----- Recorded information -----
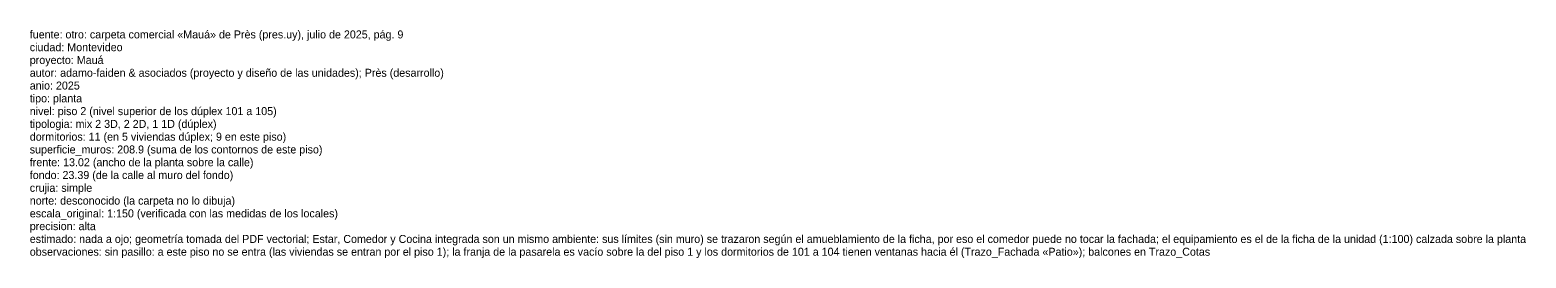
# Model space of a CAD drawing. Header units: metres. Extents: x 0 to 71.6, y 0 to 13.3.
# Drawn here: x 24.89 to 71.63, y 6.14 to 13.29 of the extents above; entities that cross this region are included whole.
import ezdxf

# ---------------------------------------------------------------- set-up
doc = ezdxf.new("R2010")
doc.units = ezdxf.units.M
doc.layers.add('Trazo_Datos', color=7, linetype='Continuous')

msp = doc.modelspace()

# ---------------------------------------------------------------- texts
at = {"layer": 'Trazo_Datos'}
for s, p in [('fuente: otro: carpeta comercial «Mauá» de Près (pres.uy), julio de 2025, pág. 9', (24.89, 13.02)), ('ciudad: Montevideo', (24.89, 12.62)), ('proyecto: Mauá', (24.89, 12.22)), ('autor: adamo-faiden & asociados (proyecto y diseño de las unidades); Près (desarrollo)', (24.89, 11.82)), ('anio: 2025', (24.89, 11.42)), ('tipo: planta', (24.89, 11.02)), ('nivel: piso 2 (nivel superior de los dúplex 101 a 105)', (24.89, 10.62)), ('tipologia: mix 2 3D, 2 2D, 1 1D (dúplex)', (24.89, 10.22)), ('dormitorios: 11 (en 5 viviendas dúplex; 9 en este piso)', (24.89, 9.82)), ('superficie_muros: 208.9 (suma de los contornos de este piso)', (24.89, 9.42)), ('frente: 13.02 (ancho de la planta sobre la calle)', (24.89, 9.02)), ('fondo: 23.39 (de la calle al muro del fondo)', (24.89, 8.62)), ('crujia: simple', (24.89, 8.22)), ('norte: desconocido (la carpeta no lo dibuja)', (24.89, 7.82)), ('escala_original: 1:150 (verificada con las medidas de los locales)', (24.89, 7.42)), ('precision: alta', (24.89, 7.02)), ('estimado: nada a ojo; geometría tomada del PDF vectorial; Estar, Comedor y Cocina integrada son un mismo ambiente: sus límites (sin muro) se trazaron según el amueblamiento de la ficha, por eso el comedor puede no tocar la fachada; el equipamiento es el de la ficha de la unidad (1:100) calzada sobre la planta', (24.89, 6.62)), ('observaciones: sin pasillo: a este piso no se entra (las viviendas se entran por el piso 1); la franja de la pasarela es vacío sobre la del piso 1 y los dormitorios de 101 a 104 tienen ventanas hacia él (Trazo_Fachada «Patio»); balcones en Trazo_Cotas', (24.89, 6.22))]:
    msp.add_text(s, height=0.25, dxfattribs=at).set_placement(p)

doc.saveas('drawing.dxf')
-----
Task item: In case the records contain pictures, keep those out and repeat the rest exactly.

Response to the exercise:
# Model space of a CAD drawing. Header units: metres. Extents: x 0 to 71.6, y 0 to 13.3.
# Drawn here: x 24.89 to 71.63, y 6.14 to 13.29 of the extents above; entities that cross this region are included whole.
import ezdxf

# ---------------------------------------------------------------- set-up
doc = ezdxf.new("R2010")
doc.units = ezdxf.units.M
doc.layers.add('Trazo_Datos', color=7, linetype='Continuous')

msp = doc.modelspace()

# ---------------------------------------------------------------- texts
at = {"layer": 'Trazo_Datos'}
for s, p in [('fuente: otro: carpeta comercial «Mauá» de Près (pres.uy), julio de 2025, pág. 9', (24.89, 13.02)), ('ciudad: Montevideo', (24.89, 12.62)), ('proyecto: Mauá', (24.89, 12.22)), ('autor: adamo-faiden & asociados (proyecto y diseño de las unidades); Près (desarrollo)', (24.89, 11.82)), ('anio: 2025', (24.89, 11.42)), ('tipo: planta', (24.89, 11.02)), ('nivel: piso 2 (nivel superior de los dúplex 101 a 105)', (24.89, 10.62)), ('tipologia: mix 2 3D, 2 2D, 1 1D (dúplex)', (24.89, 10.22)), ('dormitorios: 11 (en 5 viviendas dúplex; 9 en este piso)', (24.89, 9.82)), ('superficie_muros: 208.9 (suma de los contornos de este piso)', (24.89, 9.42)), ('frente: 13.02 (ancho de la planta sobre la calle)', (24.89, 9.02)), ('fondo: 23.39 (de la calle al muro del fondo)', (24.89, 8.62)), ('crujia: simple', (24.89, 8.22)), ('norte: desconocido (la carpeta no lo dibuja)', (24.89, 7.82)), ('escala_original: 1:150 (verificada con las medidas de los locales)', (24.89, 7.42)), ('precision: alta', (24.89, 7.02)), ('estimado: nada a ojo; geometría tomada del PDF vectorial; Estar, Comedor y Cocina integrada son un mismo ambiente: sus límites (sin muro) se trazaron según el amueblamiento de la ficha, por eso el comedor puede no tocar la fachada; el equipamiento es el de la ficha de la unidad (1:100) calzada sobre la planta', (24.89, 6.62)), ('observaciones: sin pasillo: a este piso no se entra (las viviendas se entran por el piso 1); la franja de la pasarela es vacío sobre la del piso 1 y los dormitorios de 101 a 104 tienen ventanas hacia él (Trazo_Fachada «Patio»); balcones en Trazo_Cotas', (24.89, 6.22))]:
    msp.add_text(s, height=0.25, dxfattribs=at).set_placement(p)

doc.saveas('drawing.dxf')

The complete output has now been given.